And the selling seeped through to Asia.

Hong Kong and mainland Chinese investors returned from a break to data indicating a sharp drop in China’s services sector caused by the imposition of lockdowns around the country including Shanghai, its biggest city.

Hong Kong dropped 1.9 percent but Shanghai recovered from early selling to end marginally higher.

Tokyo, Sydney, Seoul, Singapore, Mumbai, Jakarta, Bangkok and Wellington retreated.

While the Ukraine war continues to cast a shadow across trading floors, Fed monetary policy is at the top of the agenda this week as investors fret over how quickly officials will withdraw their vast pandemic-era financial support.

After last month’s 0.25-percentage-point hike in interest rates, the focus is now on its plans for May’s meeting, with expectations growing that it will announce a 0.50-point lift followed by several more before the end of the year.

Fed governor Lael Brainard, who is considered a dove, on Tuesday spooked traders by saying bringing inflation down from 40-year highs was of “paramount importance” and that the bank was “prepared to take stronger action” if warranted.

Brainard, who is awaiting congressional confirmation for the position of Fed vice chair, also said bank policymakers were ready to start reducing its vast bond holdings, which have helped keep borrowing costs down.

“The market might have been looking for… Brainard to at least give more balanced remarks—instead, they were at the hawkish end of the spectrum from someone like Brainard,” said Stephen Innes of SPI Asset Management.

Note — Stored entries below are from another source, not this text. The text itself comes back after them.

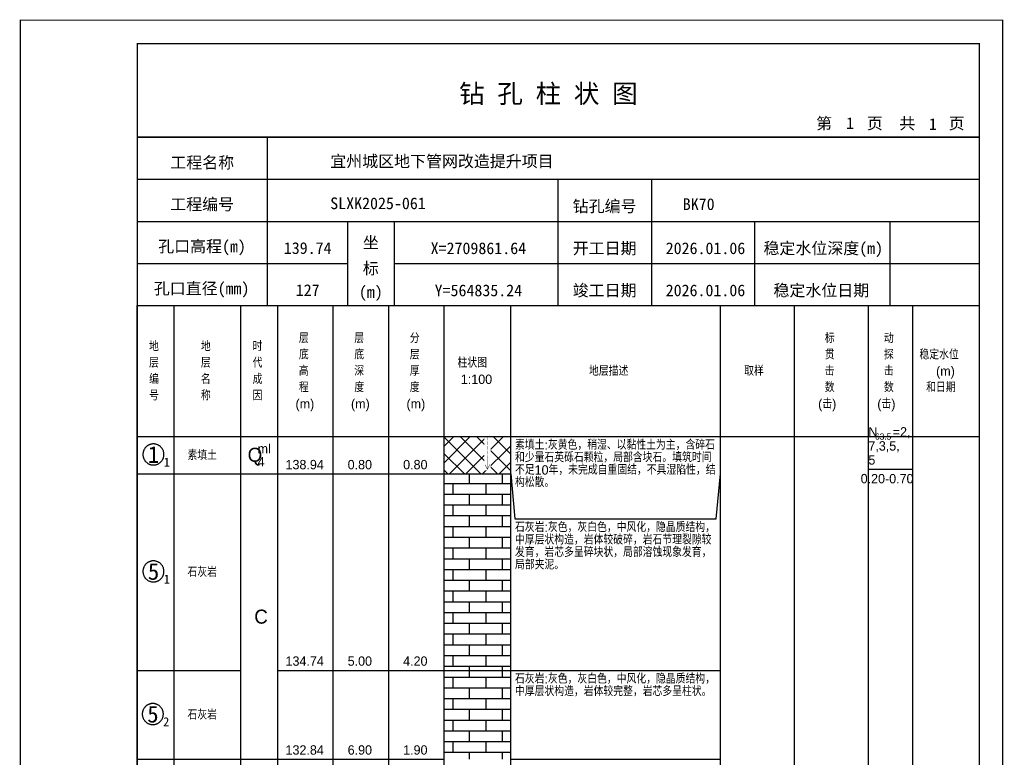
# Model space of a CAD drawing. Header units: millimetres. Extents: x 12489 to 89920, y 4630 to 4927.
# Drawn here: x 27669.3 to 27879.6, y 4768.7 to 4926.8 of the extents above; entities that cross this region are included whole.
import ezdxf
from ezdxf.enums import TextEntityAlignment as Align

# ---------------------------------------------------------------- set-up
doc = ezdxf.new("R2010")
doc.units = ezdxf.units.MM
doc.layers.add('ZZT_TC', color=7, linetype='Continuous')
doc.styles.add('成果图图块', font='', dxfattribs={"height": 2.5})
doc.styles.add('成果图模板', font='')
doc.styles.add('成果图模板标题', font='simhei.ttf')
doc.styles.add('成果图表体', font='Comfont.shx', dxfattribs={"height": 2, "bigfont": 'Hztxt12a.shx'})
doc.styles.get('成果图图块').set_extended_font_data('FangSong_GB2312')
doc.styles.get('成果图模板').set_extended_font_data('FangSong_GB2312')
pattern_1 = [(0, (0, 0), (0, 2.3), []), (90, (0, 0), (-3.5, 2.3), [2.3, -2.3])]

# ---------------------------------------------------------------- blocks, each defined once
blk = doc.blocks.new('DCBH-1-1-1069', base_point=(0.3, -0.11))
at = {"layer": 'ZZT_TC', "color": 7}
blk.add_polyline3d([(-0.19, 2.31, 0), (-0.3, 2.31, 0), (-0.41, 2.3, 0), (-0.52, 2.29, 0), (-0.63, 2.27, 0), (-0.73, 2.24, 0), (-0.84, 2.21, 0), (-0.95, 2.18, 0), (-1.05, 2.14, 0), (-1.15, 2.09, 0), (-1.25, 2.04, 0), (-1.35, 1.99, 0), (-1.44, 1.93, 0), (-1.53, 1.87, 0), (-1.62, 1.8, 0), (-1.7, 1.73, 0), (-1.78, 1.65, 0), (-1.86, 1.57, 0), (-1.93, 1.49, 0), (-2, 1.4, 0), (-2.06, 1.31, 0), (-2.12, 1.22, 0), (-2.17, 1.12, 0), (-2.22, 1.02, 0), (-2.27, 0.92, 0), (-2.31, 0.82, 0), (-2.34, 0.71, 0), (-2.37, 0.61, 0), (-2.4, 0.5, 0), (-2.41, 0.39, 0), (-2.43, 0.28, 0), (-2.44, 0.17, 0), (-2.44, 0.06, 0), (-2.44, -0.05, 0), (-2.43, -0.16, 0), (-2.41, -0.27, 0), (-2.4, -0.38, 0), (-2.37, -0.49, 0), (-2.34, -0.6, 0), (-2.31, -0.7, 0), (-2.27, -0.8, 0), (-2.22, -0.9, 0), (-2.17, -1, 0), (-2.12, -1.1, 0), (-2.06, -1.19, 0), (-2, -1.28, 0), (-1.93, -1.37, 0), (-1.86, -1.45, 0), (-1.78, -1.53, 0), (-1.7, -1.61, 0), (-1.62, -1.68, 0), (-1.53, -1.75, 0), (-1.44, -1.81, 0), (-1.35, -1.87, 0), (-1.25, -1.93, 0), (-1.15, -1.98, 0), (-1.05, -2.02, 0), (-0.95, -2.06, 0), (-0.84, -2.1, 0), (-0.73, -2.13, 0), (-0.63, -2.15, 0), (-0.52, -2.17, 0), (-0.41, -2.18, 0), (-0.3, -2.19, 0), (-0.19, -2.19, 0), (-0.08, -2.19, 0), (0.03, -2.18, 0), (0.14, -2.17, 0), (0.25, -2.15, 0), (0.36, -2.13, 0), (0.47, -2.1, 0), (0.57, -2.06, 0), (0.67, -2.02, 0), (0.77, -1.98, 0), (0.87, -1.93, 0), (0.97, -1.87, 0), (1.06, -1.81, 0), (1.15, -1.75, 0), (1.24, -1.68, 0), (1.32, -1.61, 0), (1.4, -1.53, 0), (1.48, -1.45, 0), (1.55, -1.37, 0), (1.62, -1.28, 0), (1.68, -1.19, 0), (1.74, -1.1, 0), (1.8, -1, 0), (1.85, -0.9, 0), (1.89, -0.8, 0), (1.93, -0.7, 0), (1.97, -0.6, 0), (2, -0.49, 0), (2.02, -0.38, 0), (2.04, -0.27, 0), (2.05, -0.16, 0), (2.06, -0.05, 0), (2.06, 0.06, 0), (2.06, 0.17, 0), (2.05, 0.28, 0), (2.04, 0.39, 0), (2.02, 0.5, 0), (2, 0.61, 0), (1.97, 0.71, 0), (1.93, 0.82, 0), (1.89, 0.92, 0), (1.85, 1.02, 0), (1.8, 1.12, 0), (1.74, 1.22, 0), (1.68, 1.31, 0), (1.62, 1.4, 0), (1.55, 1.49, 0), (1.48, 1.57, 0), (1.4, 1.65, 0), (1.32, 1.73, 0), (1.24, 1.8, 0), (1.15, 1.87, 0), (1.06, 1.93, 0), (0.97, 1.99, 0), (0.87, 2.04, 0), (0.77, 2.09, 0), (0.67, 2.14, 0), (0.57, 2.18, 0), (0.47, 2.21, 0), (0.36, 2.24, 0), (0.25, 2.27, 0), (0.14, 2.29, 0), (0.03, 2.3, 0), (-0.08, 2.31, 0), (-0.19, 2.31, 0)], dxfattribs=at)
at = {"style": '成果图图块'}
blk.add_text('1', height=3.57, dxfattribs=at).set_placement((-0.16, -1.74), align=Align.CENTER)
blk.add_text('1', height=1.91, dxfattribs=at).set_placement((2.03, -2.53))
blk = doc.blocks.new('DCBH-1-1-1070', base_point=(0.3, -0.11))
at = {"layer": 'ZZT_TC', "color": 7}
blk.add_polyline3d([(-0.19, 2.31, 0), (-0.3, 2.31, 0), (-0.41, 2.3, 0), (-0.52, 2.29, 0), (-0.63, 2.27, 0), (-0.73, 2.24, 0), (-0.84, 2.21, 0), (-0.95, 2.18, 0), (-1.05, 2.14, 0), (-1.15, 2.09, 0), (-1.25, 2.04, 0), (-1.35, 1.99, 0), (-1.44, 1.93, 0), (-1.53, 1.87, 0), (-1.62, 1.8, 0), (-1.7, 1.73, 0), (-1.78, 1.65, 0), (-1.86, 1.57, 0), (-1.93, 1.49, 0), (-2, 1.4, 0), (-2.06, 1.31, 0), (-2.12, 1.22, 0), (-2.17, 1.12, 0), (-2.22, 1.02, 0), (-2.27, 0.92, 0), (-2.31, 0.82, 0), (-2.34, 0.71, 0), (-2.37, 0.61, 0), (-2.4, 0.5, 0), (-2.41, 0.39, 0), (-2.43, 0.28, 0), (-2.44, 0.17, 0), (-2.44, 0.06, 0), (-2.44, -0.05, 0), (-2.43, -0.16, 0), (-2.41, -0.27, 0), (-2.4, -0.38, 0), (-2.37, -0.49, 0), (-2.34, -0.6, 0), (-2.31, -0.7, 0), (-2.27, -0.8, 0), (-2.22, -0.9, 0), (-2.17, -1, 0), (-2.12, -1.1, 0), (-2.06, -1.19, 0), (-2, -1.28, 0), (-1.93, -1.37, 0), (-1.86, -1.45, 0), (-1.78, -1.53, 0), (-1.7, -1.61, 0), (-1.62, -1.68, 0), (-1.53, -1.75, 0), (-1.44, -1.81, 0), (-1.35, -1.87, 0), (-1.25, -1.93, 0), (-1.15, -1.98, 0), (-1.05, -2.02, 0), (-0.95, -2.06, 0), (-0.84, -2.1, 0), (-0.73, -2.13, 0), (-0.63, -2.15, 0), (-0.52, -2.17, 0), (-0.41, -2.18, 0), (-0.3, -2.19, 0), (-0.19, -2.19, 0), (-0.08, -2.19, 0), (0.03, -2.18, 0), (0.14, -2.17, 0), (0.25, -2.15, 0), (0.36, -2.13, 0), (0.47, -2.1, 0), (0.57, -2.06, 0), (0.67, -2.02, 0), (0.77, -1.98, 0), (0.87, -1.93, 0), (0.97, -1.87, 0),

“She was not overly hawkish, but neither did she offer anything for the doves to cling to.”

Michael Hewson at CMC Markets added that Brainard’s comments, and those from Mary Daly of the San Francisco Fed, “put into sharp relief the concerns investors have, that in looking to rein back inflation, the Fed might overplay its hand and tighten too aggressively and tip the economy into recession.”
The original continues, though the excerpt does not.